I've spent much of the day ploughing through this 75-page judgment of the European Court of Human Rights relating to abortion laws in Ireland. H/T Ophelia Benson for bringing it to my attention over here.
The Irish law and the history behind it are fiendishly complicated. The way Irish law interacts with European human rights law is even more so. Oh, and the factual situations of the three cases before the court were not especially simple either. Suffice for the moment to say that all three cases involved women who'd had abortions in the UK as a result of the draconian Irish law which imposes a frakking life sentence on a woman who has an abortion!
In the upshot, only one of the three women before the court obtained any relief, and she probably didn't even get enough money to cover her legal costs.
I'm getting ahead of myself, though. The case is complicated enough that this will have to be mainly a place-holder post. I'll have a bit more to say over the weekend. But I do have to throw up my hands in horror at the mess that Irish law has made of this simple issue of abortion, and the mess that has been made of it in European and international human rights regimes. The law on abortion should be straightforward: it should be completely legal, but there should be regulation of training, safety, etc., standards of clinics and other providers.

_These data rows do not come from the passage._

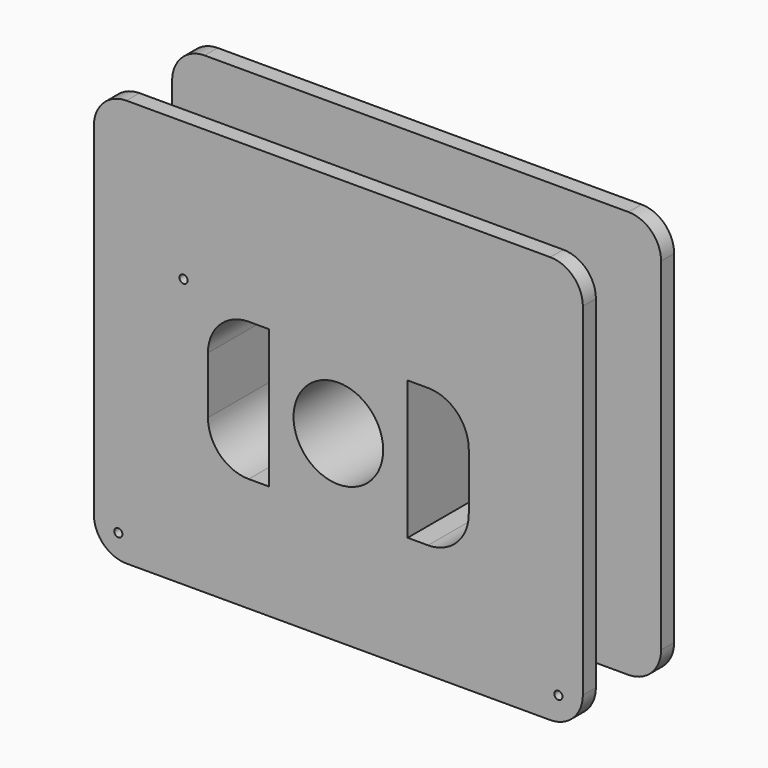
from build123d import *

# Parameters (mm, degrees)
F0_W      = 60
F0_H      = 50
F0_R      = 5.5
F1_DEPTH  = 2
F2_W      = 40
F2_H      = 25
F2_R      = 5.5
F3_DEPTH  = 10
F4_R      = 10
F5_W      = 60
F5_H      = 50
F5_R      = 5.5
F6_DEPTH  = 2
F7_R      = 4
F9_D      = 1
F9_DEPTH  = 3
F9_TIP    = 0.3004303095
F10_W     = 7.5
F10_H     = 17
F11_DEPTH = 25
F12_R     = 5


# Not quite as in the source:
# - a feature names something its author has since deleted; it is built from what else it names


with BuildPart() as f1:
    # F0 (on Front) → F1 (new body)
    with BuildSketch(Plane.XZ):
        with Locations((0, 2.5)):
            Rectangle(F0_W, F0_H)
        Circle(F0_R, mode=Mode.SUBTRACT)
    extrude(amount=F1_DEPTH)

    # F2 (on face) → F3 (join)
    with BuildSketch(Plane.XZ.offset(2)):
        Rectangle(F2_W, F2_H)
        Circle(F2_R, mode=Mode.SUBTRACT)
    extrude(amount=F3_DEPTH)

    # F4
    f4_edges = [f1.edges().sort_by_distance(p)[0] for p in [
        (20, -7, 12.5),
        (20, -7, -12.5),
        (-20, -7, -12.5),
        (-20, -7, 12.5),
    ]]
    fillet(f4_edges, radius=F4_R)

    # F5 (on face) → F6 (join)
    with BuildSketch(Plane.XZ.offset(12)):
        with Locations((0, 2.5)):
            Rectangle(F5_W, F5_H)
        Circle(F5_R, mode=Mode.SUBTRACT)
    extrude(amount=F6_DEPTH)

    # F7
    f7_edges = [f1.edges().sort_by_distance(p)[0] for p in [
        (30, -13, 27.5),
        (30, -1, 27.5),
        (30, -13, -22.5),
        (30, -1, -22.5),
        (-30, -13, -22.5),
        (-30, -1, -22.5),
        (-30, -13, 27.5),
        (-30, -1, 27.5),
    ]]
    fillet(f7_edges, radius=F7_R)

    # F9
    with Locations(Plane.XZ.offset(14)):
        with Locations((-19, 10.5), (-27, -19.5), (27, -19.5)):
            Hole(F9_D / 2, depth=F9_DEPTH)
            with Locations((0, 0, -(F9_DEPTH + F9_TIP / 2))):  # 118° drill point
                Cone(0, F9_D / 2, F9_TIP, mode=Mode.SUBTRACT)

    # F10 (on face) → F11 (cut)
    with BuildSketch(Plane.XZ.offset(14)):
        with Locations((-12.25, 0)):
            Rectangle(F10_W, F10_H)
        with Locations((12.25, 0)):
            Rectangle(F10_W, F10_H)
    extrude(amount=-F11_DEPTH, mode=Mode.SUBTRACT)

    # F12
    f12_edges = [f1.edges().sort_by_distance(p)[0] for p in [
        (16, -7, -8.5),
        (16, -7, 8.5),
        (-16, -7, 8.5),
        (-16, -7, -8.5),
    ]]
    fillet(f12_edges, radius=F12_R)


solid = f1.part

Ireland has created a terrible mess by creating laws, including constitutional provisions, that are influenced by religion. Human rights law has compounded the problem across the board, not just in Ireland, by allowing exceptions to human rights based restrictions on governments for the mere enforcement of positive morality. It's a mess all round, and enough of a mess to make a good Millian liberal angry.
2 comments:
Thank you for doing the hard ploughing work.
Ugh. I meant to get back to it today, but I couldn't face it. Maybe tomorrow!